[Activity]: Please print every record below exactly as it appears, but leave out the pictures.

[Provided data]:
----------

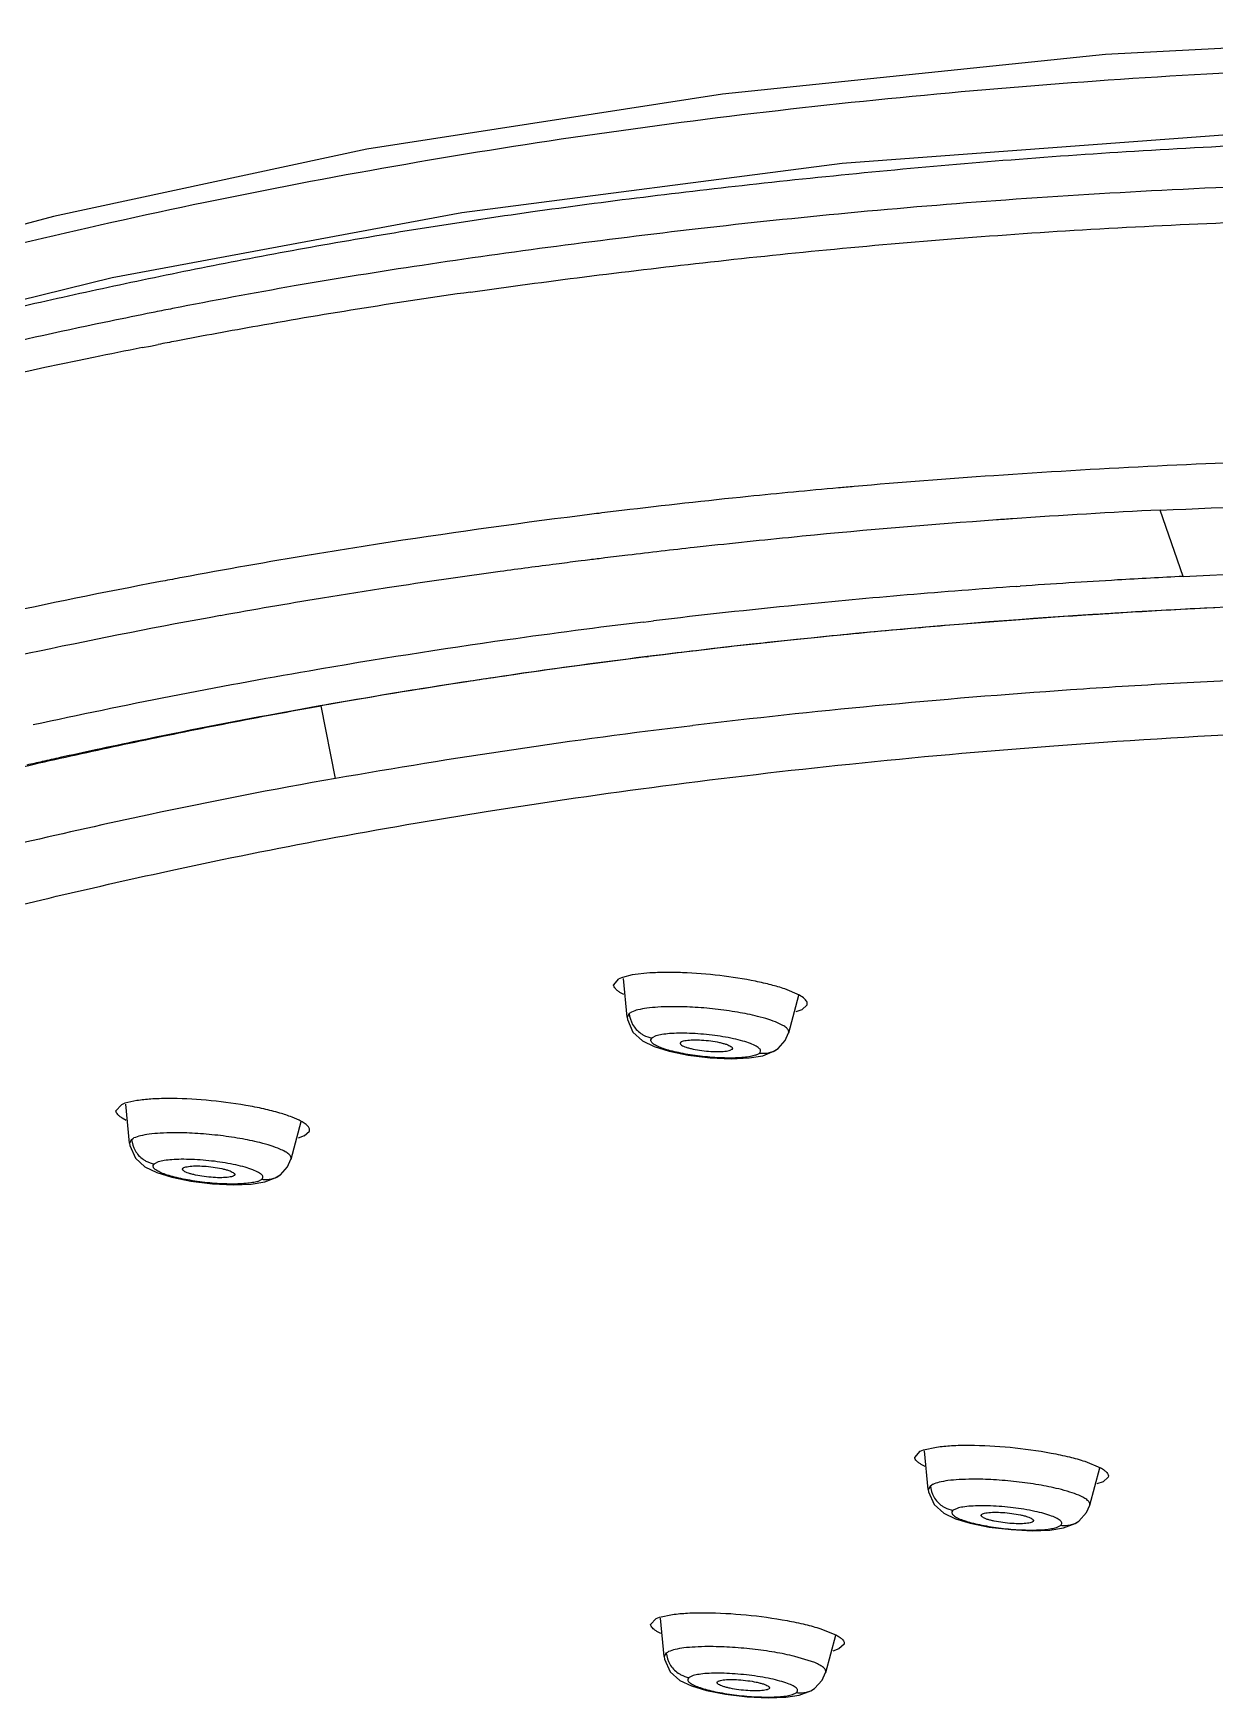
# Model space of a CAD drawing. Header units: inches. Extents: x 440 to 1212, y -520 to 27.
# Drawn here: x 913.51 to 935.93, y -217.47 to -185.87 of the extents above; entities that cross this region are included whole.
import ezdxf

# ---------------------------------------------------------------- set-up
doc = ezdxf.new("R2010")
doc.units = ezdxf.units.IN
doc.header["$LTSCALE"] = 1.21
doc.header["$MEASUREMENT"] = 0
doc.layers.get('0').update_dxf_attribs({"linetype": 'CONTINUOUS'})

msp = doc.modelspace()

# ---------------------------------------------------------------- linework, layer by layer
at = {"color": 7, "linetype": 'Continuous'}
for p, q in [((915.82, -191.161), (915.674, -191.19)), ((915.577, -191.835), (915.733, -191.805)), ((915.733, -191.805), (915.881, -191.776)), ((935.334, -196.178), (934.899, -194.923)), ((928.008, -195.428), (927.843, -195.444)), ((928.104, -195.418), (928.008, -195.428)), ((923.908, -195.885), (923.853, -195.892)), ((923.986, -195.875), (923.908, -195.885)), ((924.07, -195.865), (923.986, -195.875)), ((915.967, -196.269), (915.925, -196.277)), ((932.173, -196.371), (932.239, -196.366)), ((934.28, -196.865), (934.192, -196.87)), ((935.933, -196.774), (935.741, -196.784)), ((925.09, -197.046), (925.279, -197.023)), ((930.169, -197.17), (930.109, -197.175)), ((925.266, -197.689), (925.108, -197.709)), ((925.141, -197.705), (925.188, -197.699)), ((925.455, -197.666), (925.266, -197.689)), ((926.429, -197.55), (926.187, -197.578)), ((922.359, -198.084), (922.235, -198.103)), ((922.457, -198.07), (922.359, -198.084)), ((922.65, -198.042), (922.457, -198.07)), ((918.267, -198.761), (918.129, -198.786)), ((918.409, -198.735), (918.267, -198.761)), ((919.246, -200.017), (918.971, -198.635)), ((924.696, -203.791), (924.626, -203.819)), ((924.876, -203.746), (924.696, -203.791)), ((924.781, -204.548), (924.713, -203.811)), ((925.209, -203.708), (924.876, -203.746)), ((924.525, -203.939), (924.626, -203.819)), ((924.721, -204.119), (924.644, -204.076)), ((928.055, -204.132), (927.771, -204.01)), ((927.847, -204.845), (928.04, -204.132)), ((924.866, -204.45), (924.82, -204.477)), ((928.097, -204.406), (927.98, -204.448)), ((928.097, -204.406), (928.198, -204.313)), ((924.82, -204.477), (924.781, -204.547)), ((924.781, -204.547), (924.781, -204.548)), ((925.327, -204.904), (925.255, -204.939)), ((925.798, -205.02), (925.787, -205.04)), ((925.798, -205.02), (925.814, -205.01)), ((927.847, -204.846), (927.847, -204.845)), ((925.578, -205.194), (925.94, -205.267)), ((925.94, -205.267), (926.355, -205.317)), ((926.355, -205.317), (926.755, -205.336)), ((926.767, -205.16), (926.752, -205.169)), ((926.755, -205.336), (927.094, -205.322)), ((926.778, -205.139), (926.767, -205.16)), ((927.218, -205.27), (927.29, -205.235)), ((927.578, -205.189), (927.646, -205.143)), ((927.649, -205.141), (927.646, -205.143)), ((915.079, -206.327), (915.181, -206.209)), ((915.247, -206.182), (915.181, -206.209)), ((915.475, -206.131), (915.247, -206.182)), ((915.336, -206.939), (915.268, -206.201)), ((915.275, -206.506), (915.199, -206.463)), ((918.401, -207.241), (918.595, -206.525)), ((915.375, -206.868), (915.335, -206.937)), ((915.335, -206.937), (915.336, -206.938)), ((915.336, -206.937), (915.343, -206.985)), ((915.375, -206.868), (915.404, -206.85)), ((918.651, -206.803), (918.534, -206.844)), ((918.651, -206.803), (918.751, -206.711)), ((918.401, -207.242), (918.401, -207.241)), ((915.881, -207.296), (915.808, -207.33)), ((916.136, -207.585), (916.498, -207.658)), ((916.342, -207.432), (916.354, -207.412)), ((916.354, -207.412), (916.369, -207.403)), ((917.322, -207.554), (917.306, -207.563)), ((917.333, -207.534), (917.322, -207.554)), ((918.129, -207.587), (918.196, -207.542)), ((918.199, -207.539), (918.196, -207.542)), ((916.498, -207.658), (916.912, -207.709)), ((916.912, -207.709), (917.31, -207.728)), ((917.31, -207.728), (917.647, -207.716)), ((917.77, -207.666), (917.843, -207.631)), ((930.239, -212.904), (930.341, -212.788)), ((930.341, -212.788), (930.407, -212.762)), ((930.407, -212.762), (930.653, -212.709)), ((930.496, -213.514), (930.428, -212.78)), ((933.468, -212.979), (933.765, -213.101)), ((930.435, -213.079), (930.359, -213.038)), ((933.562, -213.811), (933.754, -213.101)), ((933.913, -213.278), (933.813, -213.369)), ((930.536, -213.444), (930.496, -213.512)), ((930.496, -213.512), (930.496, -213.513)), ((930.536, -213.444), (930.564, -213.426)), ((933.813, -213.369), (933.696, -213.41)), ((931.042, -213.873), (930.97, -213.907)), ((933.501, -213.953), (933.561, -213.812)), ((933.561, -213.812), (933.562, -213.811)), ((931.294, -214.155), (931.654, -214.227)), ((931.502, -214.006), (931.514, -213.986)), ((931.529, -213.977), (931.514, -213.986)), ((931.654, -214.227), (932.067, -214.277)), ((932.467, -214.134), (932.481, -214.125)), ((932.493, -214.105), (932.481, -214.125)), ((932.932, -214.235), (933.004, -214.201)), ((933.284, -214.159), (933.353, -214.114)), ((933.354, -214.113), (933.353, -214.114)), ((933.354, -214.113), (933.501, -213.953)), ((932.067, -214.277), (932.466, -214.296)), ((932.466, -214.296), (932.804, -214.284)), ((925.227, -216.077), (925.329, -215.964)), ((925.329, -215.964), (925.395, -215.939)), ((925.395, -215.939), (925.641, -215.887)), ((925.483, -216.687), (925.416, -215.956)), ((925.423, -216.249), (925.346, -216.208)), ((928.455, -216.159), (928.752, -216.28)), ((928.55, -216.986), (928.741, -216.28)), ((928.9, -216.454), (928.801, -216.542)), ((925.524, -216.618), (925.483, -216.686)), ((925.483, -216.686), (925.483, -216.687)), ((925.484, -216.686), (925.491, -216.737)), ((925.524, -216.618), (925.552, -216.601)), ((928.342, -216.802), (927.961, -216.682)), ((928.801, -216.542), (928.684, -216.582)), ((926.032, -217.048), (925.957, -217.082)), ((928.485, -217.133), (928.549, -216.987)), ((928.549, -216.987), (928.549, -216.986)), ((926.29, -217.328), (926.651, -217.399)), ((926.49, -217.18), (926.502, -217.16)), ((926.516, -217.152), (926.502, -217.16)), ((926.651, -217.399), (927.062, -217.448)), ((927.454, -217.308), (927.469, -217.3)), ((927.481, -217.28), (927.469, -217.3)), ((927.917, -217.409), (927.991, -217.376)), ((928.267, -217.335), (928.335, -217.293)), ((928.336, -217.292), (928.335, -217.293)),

----------

[Answer section]:
# Model space of a CAD drawing. Header units: inches. Extents: x 440 to 1212, y -520 to 27.
# Drawn here: x 913.51 to 935.93, y -217.47 to -185.87 of the extents above; entities that cross this region are included whole.
import ezdxf

# ---------------------------------------------------------------- set-up
doc = ezdxf.new("R2010")
doc.units = ezdxf.units.IN
doc.header["$LTSCALE"] = 1.21
doc.header["$MEASUREMENT"] = 0
doc.layers.get('0').update_dxf_attribs({"linetype": 'CONTINUOUS'})

msp = doc.modelspace()

# ---------------------------------------------------------------- linework, layer by layer
at = {"color": 7, "linetype": 'Continuous'}
for p, q in [((915.82, -191.161), (915.674, -191.19)), ((915.577, -191.835), (915.733, -191.805)), ((915.733, -191.805), (915.881, -191.776)), ((935.334, -196.178), (934.899, -194.923)), ((928.008, -195.428), (927.843, -195.444)), ((928.104, -195.418), (928.008, -195.428)), ((923.908, -195.885), (923.853, -195.892)), ((923.986, -195.875), (923.908, -195.885)), ((924.07, -195.865), (923.986, -195.875)), ((915.967, -196.269), (915.925, -196.277)), ((932.173, -196.371), (932.239, -196.366)), ((934.28, -196.865), (934.192, -196.87)), ((935.933, -196.774), (935.741, -196.784)), ((925.09, -197.046), (925.279, -197.023)), ((930.169, -197.17), (930.109, -197.175)), ((925.266, -197.689), (925.108, -197.709)), ((925.141, -197.705), (925.188, -197.699)), ((925.455, -197.666), (925.266, -197.689)), ((926.429, -197.55), (926.187, -197.578)), ((922.359, -198.084), (922.235, -198.103)), ((922.457, -198.07), (922.359, -198.084)), ((922.65, -198.042), (922.457, -198.07)), ((918.267, -198.761), (918.129, -198.786)), ((918.409, -198.735), (918.267, -198.761)), ((919.246, -200.017), (918.971, -198.635)), ((924.696, -203.791), (924.626, -203.819)), ((924.876, -203.746), (924.696, -203.791)), ((924.781, -204.548), (924.713, -203.811)), ((925.209, -203.708), (924.876, -203.746)), ((924.525, -203.939), (924.626, -203.819)), ((924.721, -204.119), (924.644, -204.076)), ((928.055, -204.132), (927.771, -204.01)), ((927.847, -204.845), (928.04, -204.132)), ((924.866, -204.45), (924.82, -204.477)), ((928.097, -204.406), (927.98, -204.448)), ((928.097, -204.406), (928.198, -204.313)), ((924.82, -204.477), (924.781, -204.547)), ((924.781, -204.547), (924.781, -204.548)), ((925.327, -204.904), (925.255, -204.939)), ((925.798, -205.02), (925.787, -205.04)), ((925.798, -205.02), (925.814, -205.01)), ((927.847, -204.846), (927.847, -204.845)), ((925.578, -205.194), (925.94, -205.267)), ((925.94, -205.267), (926.355, -205.317)), ((926.355, -205.317), (926.755, -205.336)), ((926.767, -205.16), (926.752, -205.169)), ((926.755, -205.336), (927.094, -205.322)), ((926.778, -205.139), (926.767, -205.16)), ((927.218, -205.27), (927.29, -205.235)), ((927.578, -205.189), (927.646, -205.143)), ((927.649, -205.141), (927.646, -205.143)), ((915.079, -206.327), (915.181, -206.209)), ((915.247, -206.182), (915.181, -206.209)), ((915.475, -206.131), (915.247, -206.182)), ((915.336, -206.939), (915.268, -206.201)), ((915.275, -206.506), (915.199, -206.463)), ((918.401, -207.241), (918.595, -206.525)), ((915.375, -206.868), (915.335, -206.937)), ((915.335, -206.937), (915.336, -206.938)), ((915.336, -206.937), (915.343, -206.985)), ((915.375, -206.868), (915.404, -206.85)), ((918.651, -206.803), (918.534, -206.844)), ((918.651, -206.803), (918.751, -206.711)), ((918.401, -207.242), (918.401, -207.241)), ((915.881, -207.296), (915.808, -207.33)), ((916.136, -207.585), (916.498, -207.658)), ((916.342, -207.432), (916.354, -207.412)), ((916.354, -207.412), (916.369, -207.403)), ((917.322, -207.554), (917.306, -207.563)), ((917.333, -207.534), (917.322, -207.554)), ((918.129, -207.587), (918.196, -207.542)), ((918.199, -207.539), (918.196, -207.542)), ((916.498, -207.658), (916.912, -207.709)), ((916.912, -207.709), (917.31, -207.728)), ((917.31, -207.728), (917.647, -207.716)), ((917.77, -207.666), (917.843, -207.631)), ((930.239, -212.904), (930.341, -212.788)), ((930.341, -212.788), (930.407, -212.762)), ((930.407, -212.762), (930.653, -212.709)), ((930.496, -213.514), (930.428, -212.78)), ((933.468, -212.979), (933.765, -213.101)), ((930.435, -213.079), (930.359, -213.038)), ((933.562, -213.811), (933.754, -213.101)), ((933.913, -213.278), (933.813, -213.369)), ((930.536, -213.444), (930.496, -213.512)), ((930.496, -213.512), (930.496, -213.513)), ((930.536, -213.444), (930.564, -213.426)), ((933.813, -213.369), (933.696, -213.41)), ((931.042, -213.873), (930.97, -213.907)), ((933.501, -213.953), (933.561, -213.812)), ((933.561, -213.812), (933.562, -213.811)), ((931.294, -214.155), (931.654, -214.227)), ((931.502, -214.006), (931.514, -213.986)), ((931.529, -213.977), (931.514, -213.986)), ((931.654, -214.227), (932.067, -214.277)), ((932.467, -214.134), (932.481, -214.125)), ((932.493, -214.105), (932.481, -214.125)), ((932.932, -214.235), (933.004, -214.201)), ((933.284, -214.159), (933.353, -214.114)), ((933.354, -214.113), (933.353, -214.114)), ((933.354, -214.113), (933.501, -213.953)), ((932.067, -214.277), (932.466, -214.296)), ((932.466, -214.296), (932.804, -214.284)), ((925.227, -216.077), (925.329, -215.964)), ((925.329, -215.964), (925.395, -215.939)), ((925.395, -215.939), (925.641, -215.887)), ((925.483, -216.687), (925.416, -215.956)), ((925.423, -216.249), (925.346, -216.208)), ((928.455, -216.159), (928.752, -216.28)), ((928.55, -216.986), (928.741, -216.28)), ((928.9, -216.454), (928.801, -216.542)), ((925.524, -216.618), (925.483, -216.686)), ((925.483, -216.686), (925.483, -216.687)), ((925.484, -216.686), (925.491, -216.737)), ((925.524, -216.618), (925.552, -216.601)), ((928.342, -216.802), (927.961, -216.682)), ((928.801, -216.542), (928.684, -216.582)), ((926.032, -217.048), (925.957, -217.082)), ((928.485, -217.133), (928.549, -216.987)), ((928.549, -216.987), (928.549, -216.986)), ((926.29, -217.328), (926.651, -217.399)), ((926.49, -217.18), (926.502, -217.16)), ((926.516, -217.152), (926.502, -217.16)), ((926.651, -217.399), (927.062, -217.448)), ((927.454, -217.308), (927.469, -217.3)), ((927.481, -217.28), (927.469, -217.3)), ((927.917, -217.409), (927.991, -217.376)), ((928.267, -217.335), (928.335, -217.293)), ((928.336, -217.292), (928.335, -217.293)),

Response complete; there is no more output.